* [Task goal] Set the pictures aside and write down, exactly as they appear, the lines from the one containing "[picture b2s1c: schematic" through the end of the material.
*** Opening of Information ***
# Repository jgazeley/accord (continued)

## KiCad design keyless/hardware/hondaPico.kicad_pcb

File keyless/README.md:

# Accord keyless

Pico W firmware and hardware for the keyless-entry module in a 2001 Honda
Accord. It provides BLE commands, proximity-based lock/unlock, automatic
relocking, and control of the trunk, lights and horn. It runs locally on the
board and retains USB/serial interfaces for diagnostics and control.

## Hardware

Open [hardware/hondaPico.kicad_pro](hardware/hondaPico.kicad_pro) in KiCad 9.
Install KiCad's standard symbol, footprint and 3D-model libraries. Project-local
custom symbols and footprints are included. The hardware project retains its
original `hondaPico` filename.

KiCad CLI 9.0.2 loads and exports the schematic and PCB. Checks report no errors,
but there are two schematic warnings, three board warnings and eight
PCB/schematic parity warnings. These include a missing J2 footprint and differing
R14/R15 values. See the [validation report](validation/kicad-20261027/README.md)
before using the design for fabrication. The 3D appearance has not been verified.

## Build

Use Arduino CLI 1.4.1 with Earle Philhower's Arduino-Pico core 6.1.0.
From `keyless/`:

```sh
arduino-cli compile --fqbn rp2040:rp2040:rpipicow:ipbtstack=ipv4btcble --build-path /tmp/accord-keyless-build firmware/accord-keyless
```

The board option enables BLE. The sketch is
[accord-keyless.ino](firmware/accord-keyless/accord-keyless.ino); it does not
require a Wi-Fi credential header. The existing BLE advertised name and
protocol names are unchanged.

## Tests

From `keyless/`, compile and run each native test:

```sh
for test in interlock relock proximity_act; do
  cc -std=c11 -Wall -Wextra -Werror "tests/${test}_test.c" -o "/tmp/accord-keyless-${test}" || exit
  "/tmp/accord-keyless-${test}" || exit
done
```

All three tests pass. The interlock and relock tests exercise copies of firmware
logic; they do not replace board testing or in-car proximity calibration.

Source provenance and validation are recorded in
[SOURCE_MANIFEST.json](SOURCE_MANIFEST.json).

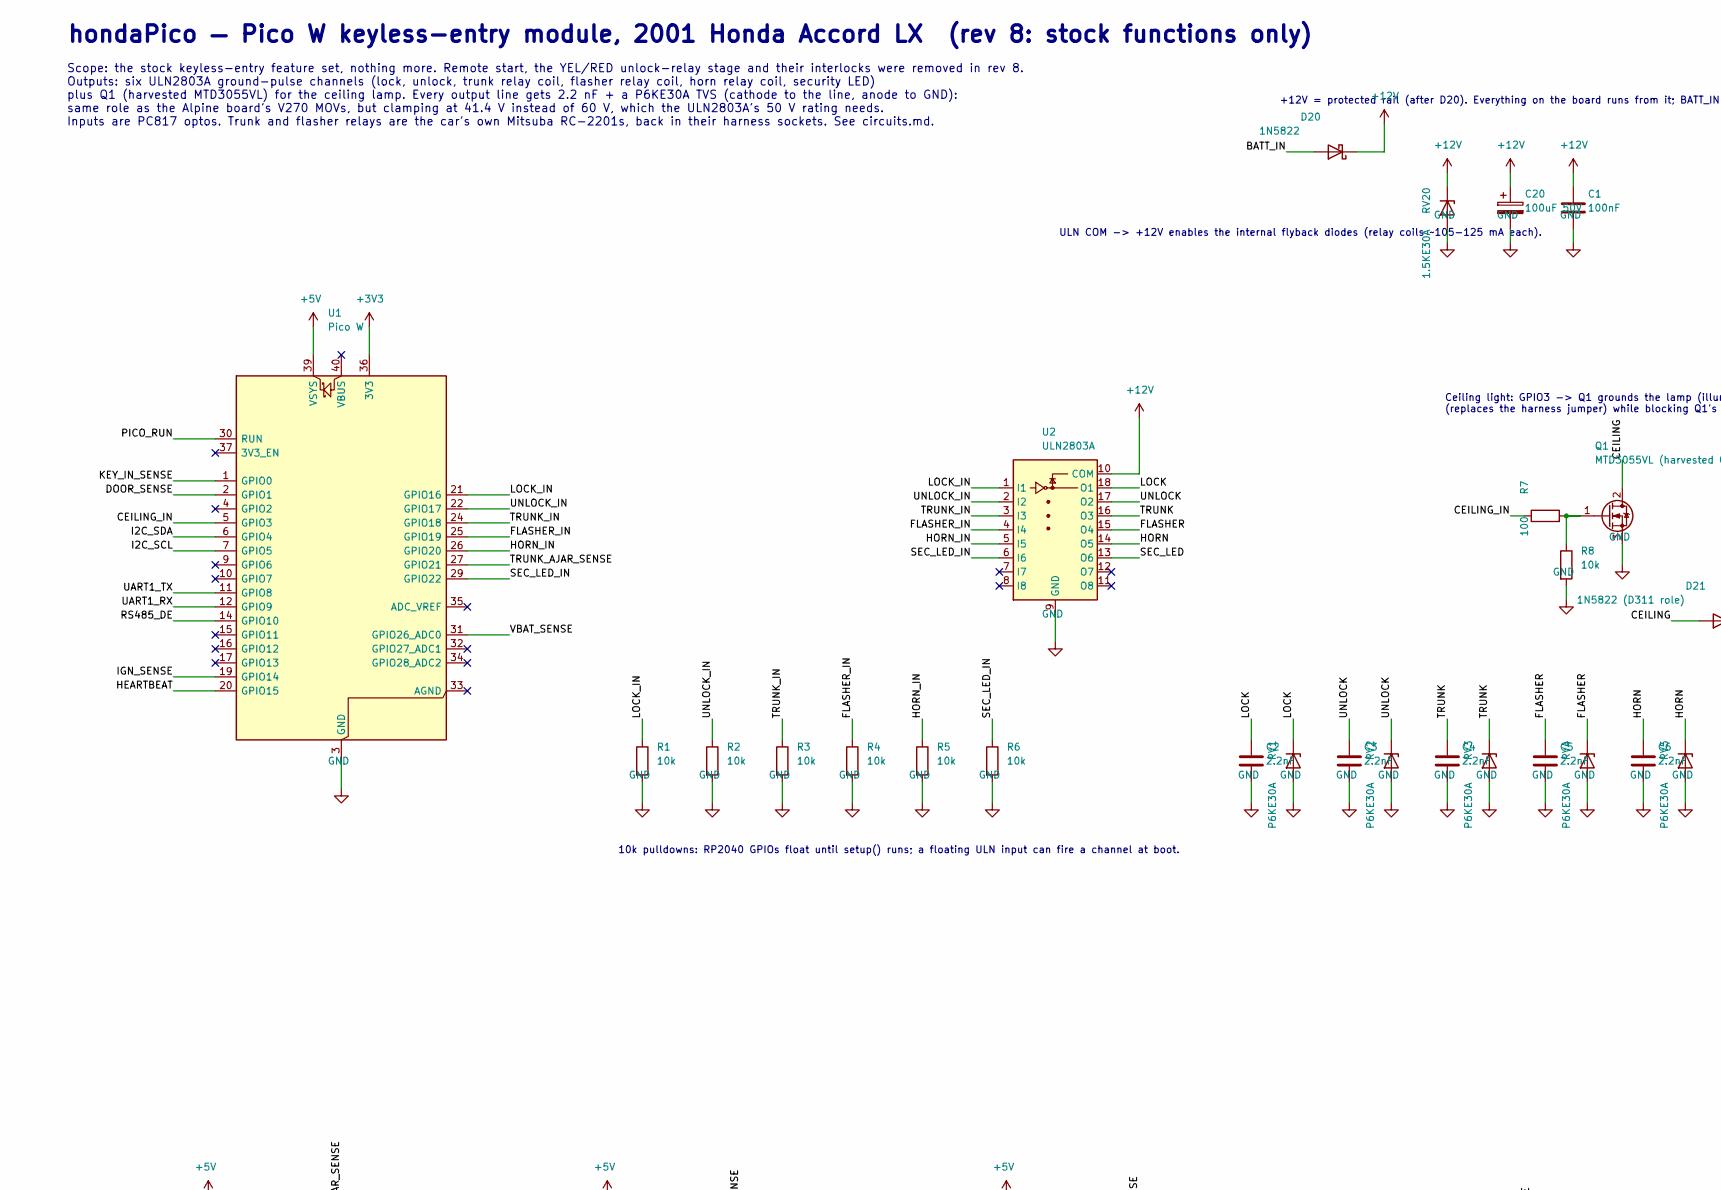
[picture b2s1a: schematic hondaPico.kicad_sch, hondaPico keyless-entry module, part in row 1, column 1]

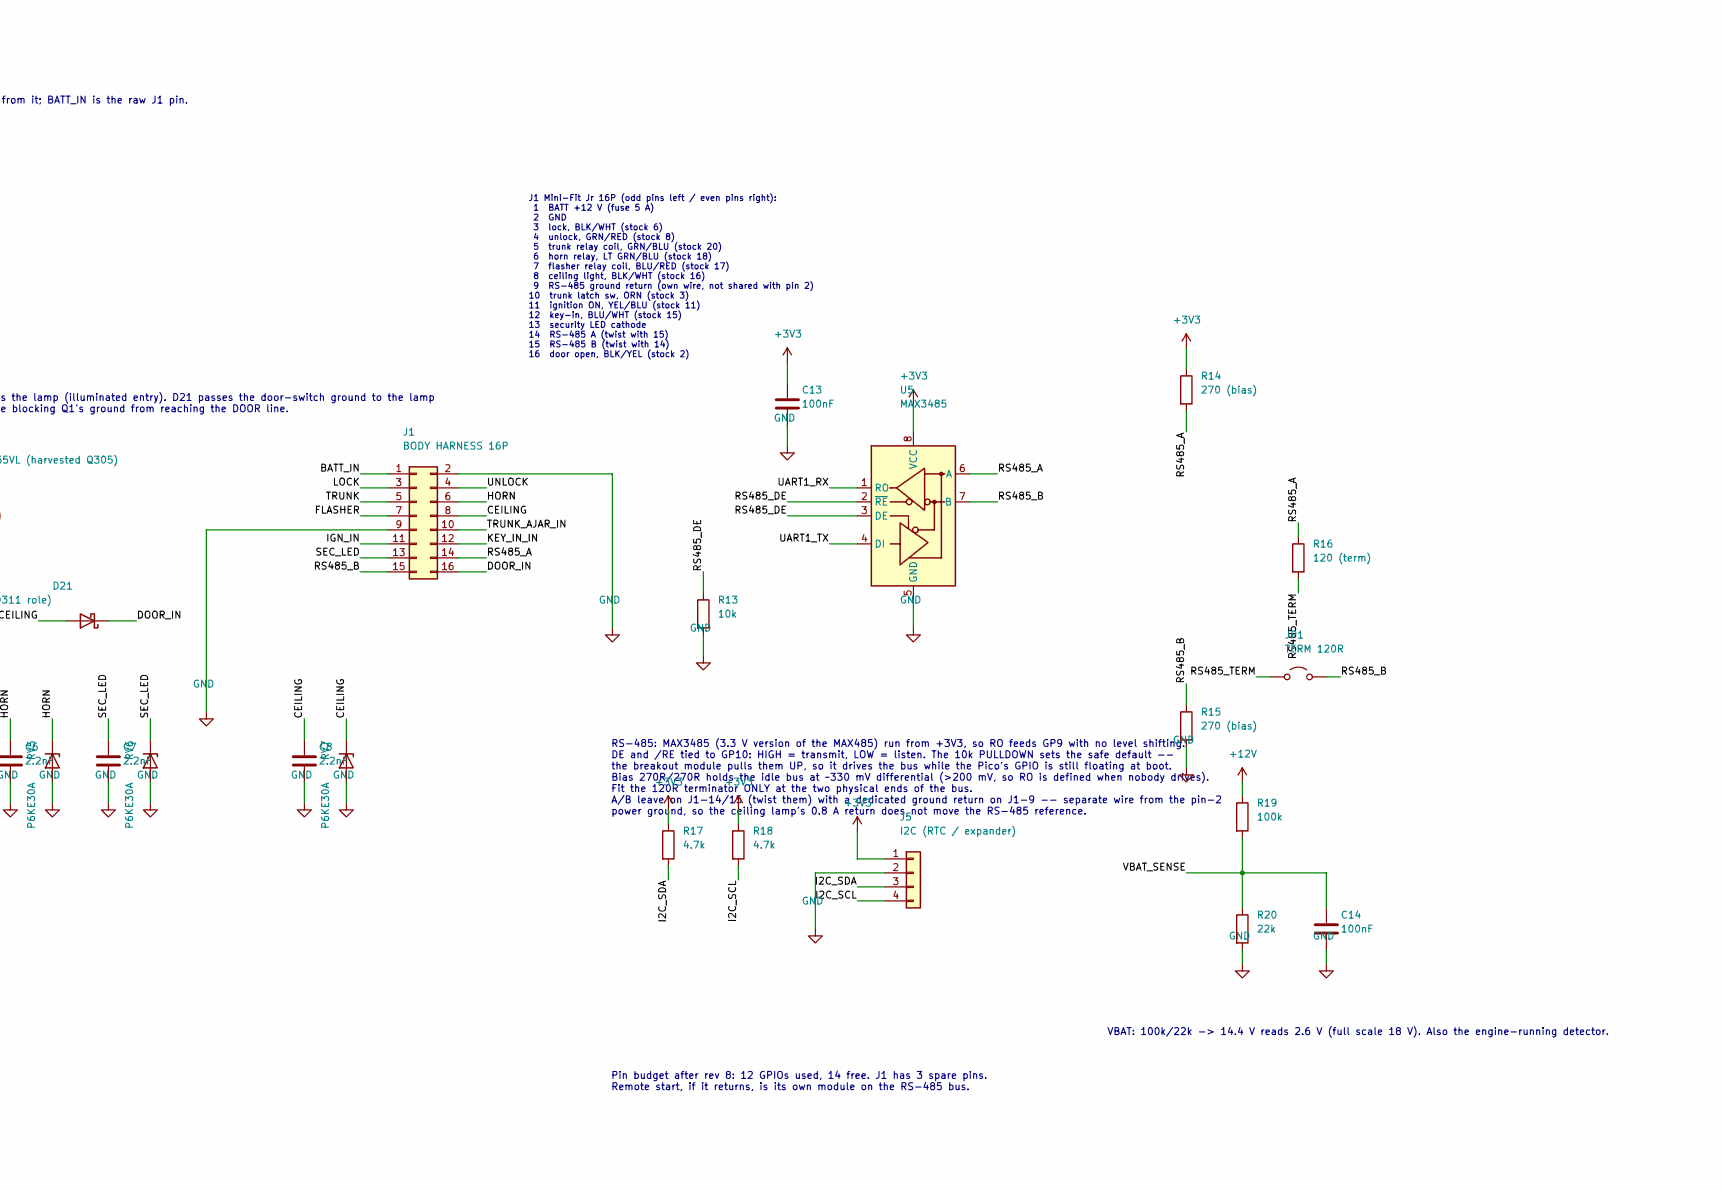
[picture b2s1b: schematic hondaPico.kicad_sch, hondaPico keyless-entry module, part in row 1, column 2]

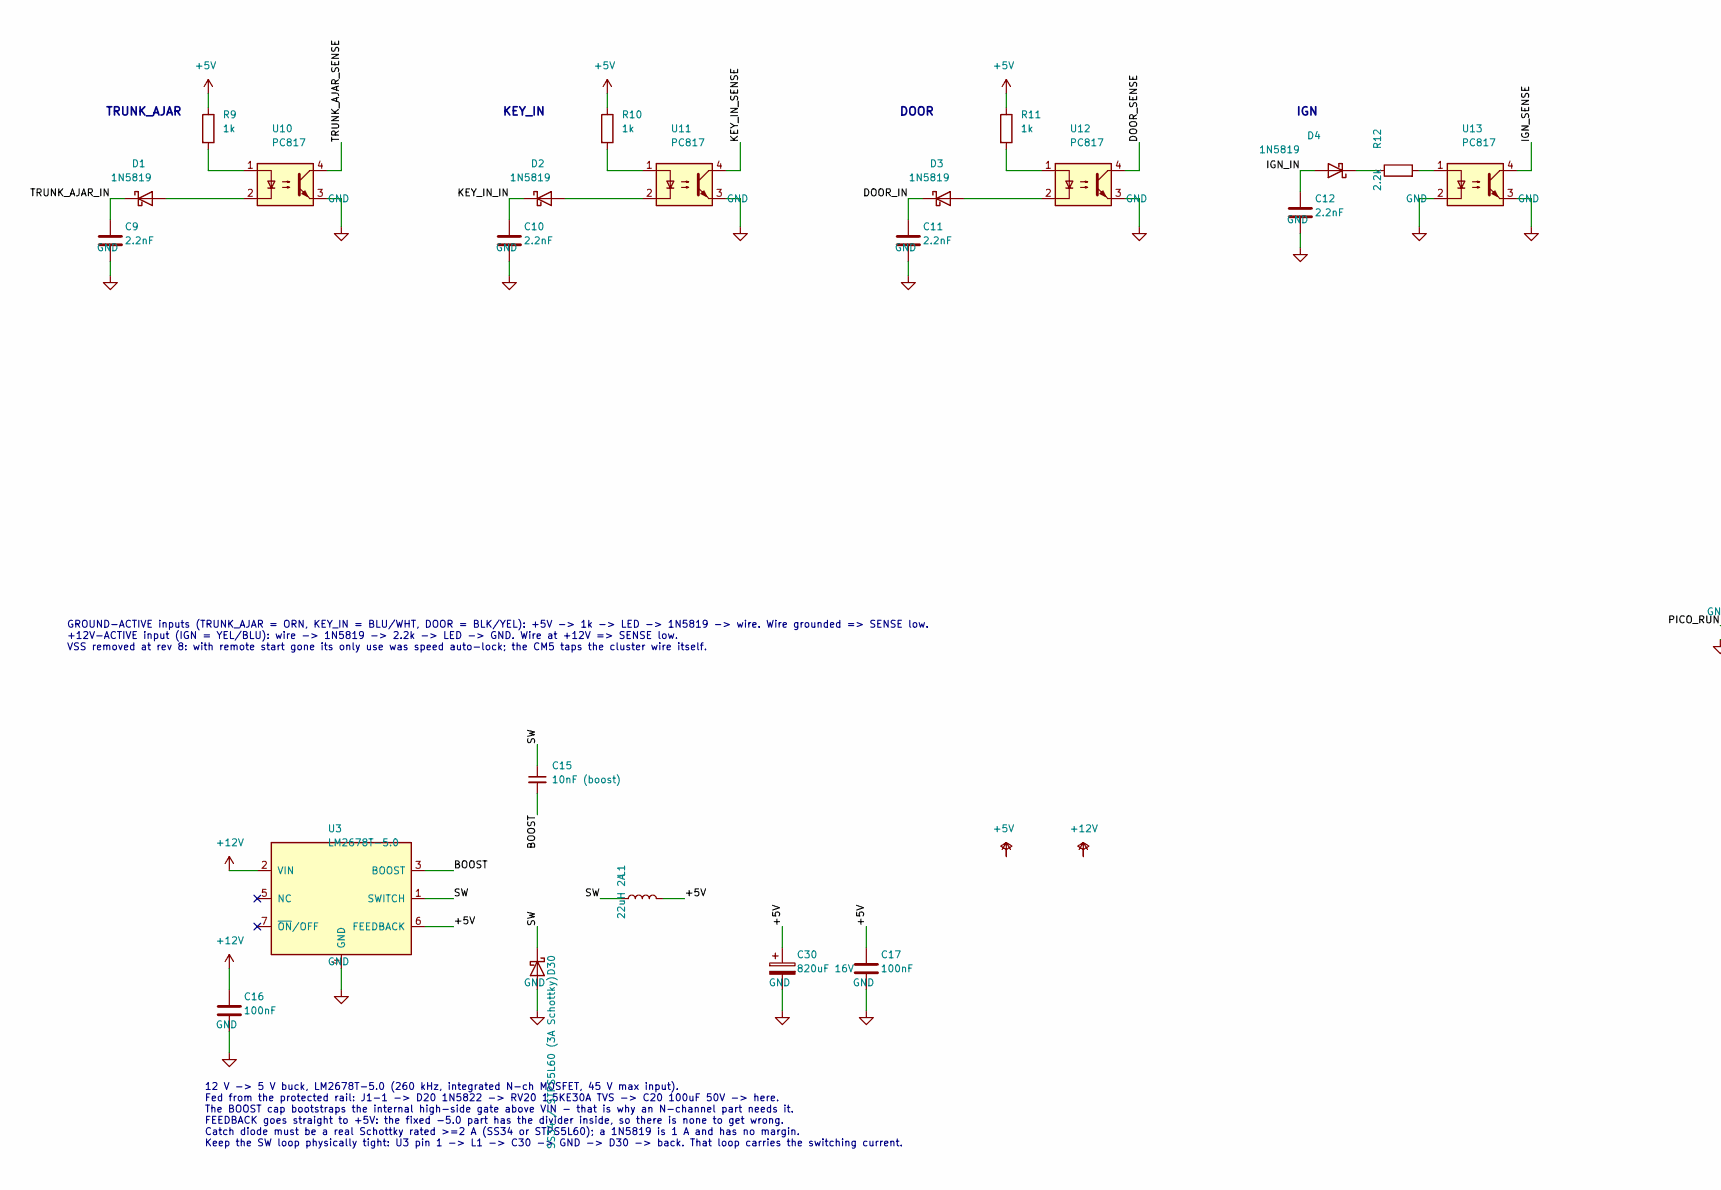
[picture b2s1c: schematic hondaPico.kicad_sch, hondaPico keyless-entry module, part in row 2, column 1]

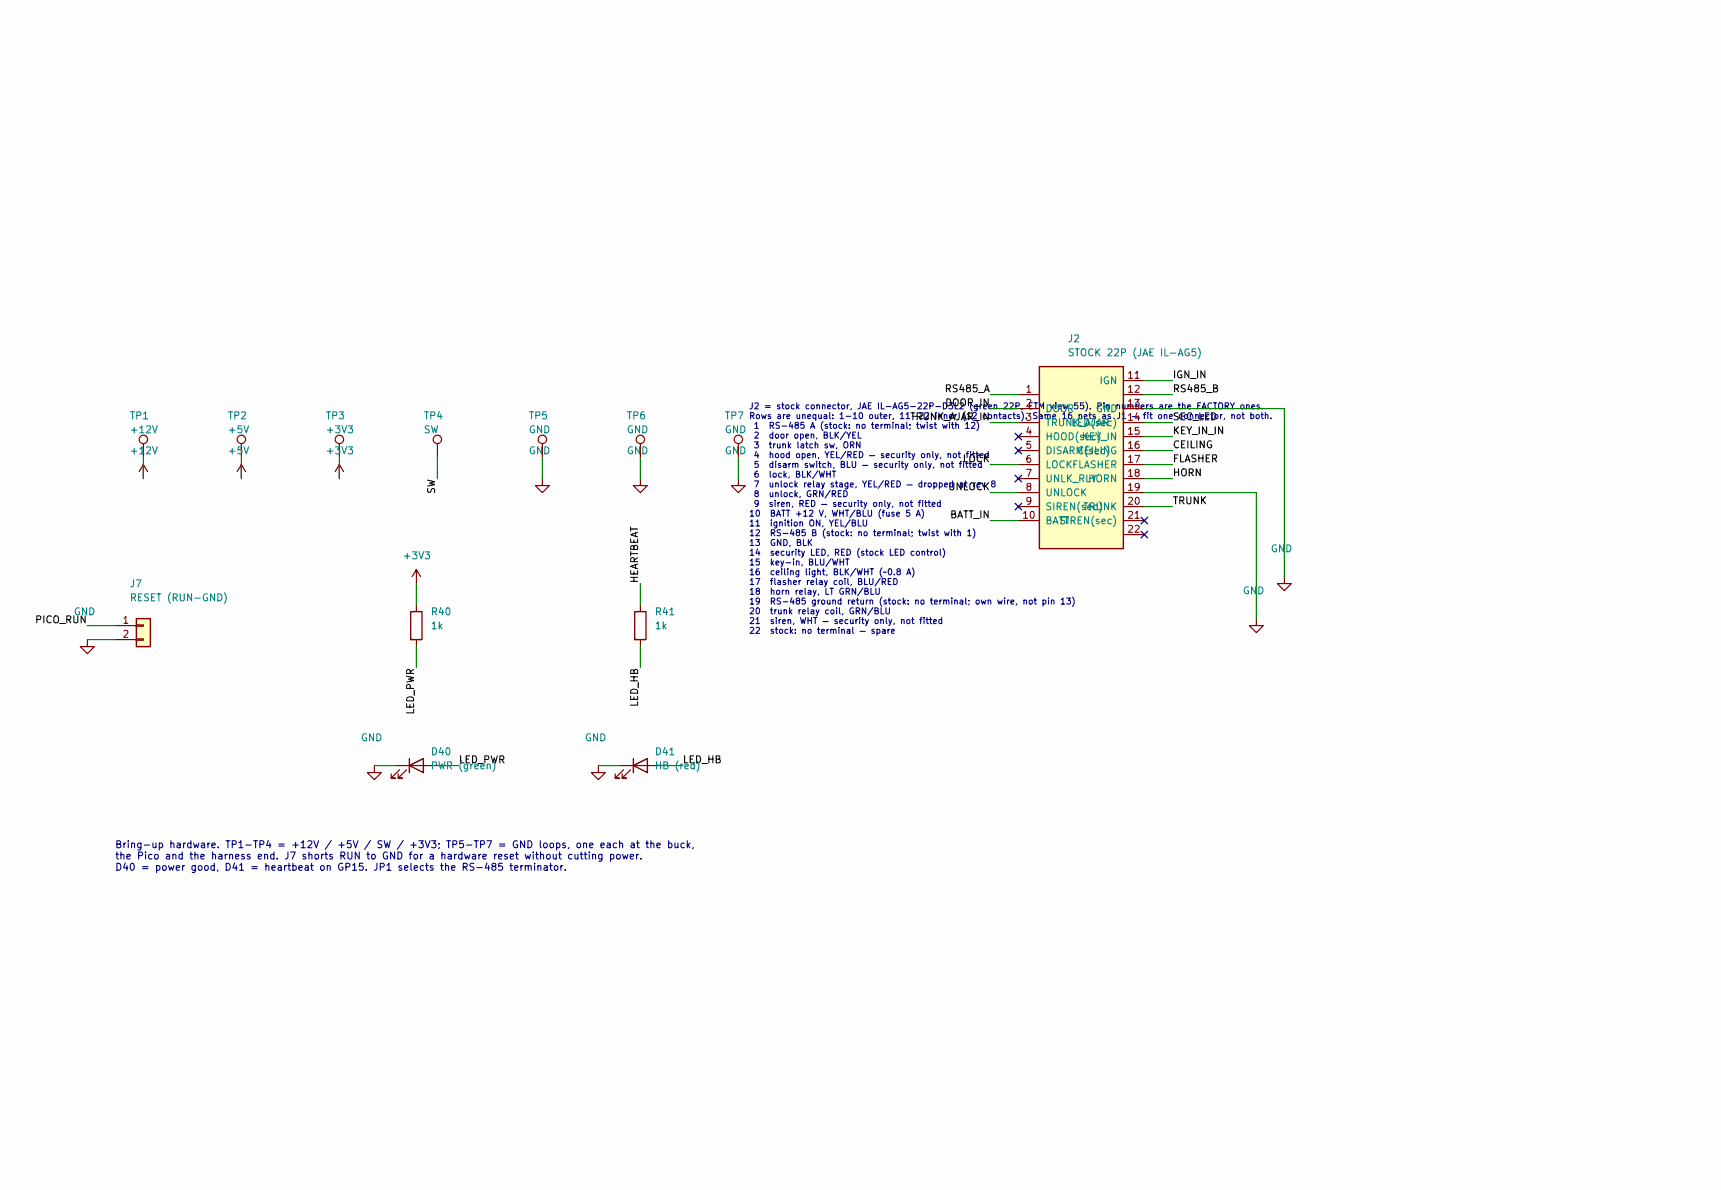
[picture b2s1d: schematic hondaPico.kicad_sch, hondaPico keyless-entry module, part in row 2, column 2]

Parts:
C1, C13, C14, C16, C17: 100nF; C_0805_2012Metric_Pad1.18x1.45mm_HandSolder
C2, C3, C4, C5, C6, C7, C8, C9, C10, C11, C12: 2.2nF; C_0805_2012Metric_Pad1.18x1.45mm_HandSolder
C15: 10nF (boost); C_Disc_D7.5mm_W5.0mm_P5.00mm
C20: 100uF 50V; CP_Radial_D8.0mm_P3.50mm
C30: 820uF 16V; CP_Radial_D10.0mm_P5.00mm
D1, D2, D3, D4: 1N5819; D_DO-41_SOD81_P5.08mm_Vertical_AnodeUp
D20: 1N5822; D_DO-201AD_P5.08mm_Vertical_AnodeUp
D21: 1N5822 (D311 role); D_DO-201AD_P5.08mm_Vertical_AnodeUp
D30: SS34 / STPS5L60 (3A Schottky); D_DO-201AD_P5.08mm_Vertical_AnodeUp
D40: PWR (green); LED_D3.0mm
*** Close of Information ***
* [Answer box]
[picture b2s1c: schematic hondaPico.kicad_sch, hondaPico keyless-entry module, part in row 2, column 1]

[picture b2s1d: schematic hondaPico.kicad_sch, hondaPico keyless-entry module, part in row 2, column 2]

Parts:
C1, C13, C14, C16, C17: 100nF; C_0805_2012Metric_Pad1.18x1.45mm_HandSolder
C2, C3, C4, C5, C6, C7, C8, C9, C10, C11, C12: 2.2nF; C_0805_2012Metric_Pad1.18x1.45mm_HandSolder
C15: 10nF (boost); C_Disc_D7.5mm_W5.0mm_P5.00mm
C20: 100uF 50V; CP_Radial_D8.0mm_P3.50mm
C30: 820uF 16V; CP_Radial_D10.0mm_P5.00mm
D1, D2, D3, D4: 1N5819; D_DO-41_SOD81_P5.08mm_Vertical_AnodeUp
D20: 1N5822; D_DO-201AD_P5.08mm_Vertical_AnodeUp
D21: 1N5822 (D311 role); D_DO-201AD_P5.08mm_Vertical_AnodeUp
D30: SS34 / STPS5L60 (3A Schottky); D_DO-201AD_P5.08mm_Vertical_AnodeUp
D40: PWR (green); LED_D3.0mm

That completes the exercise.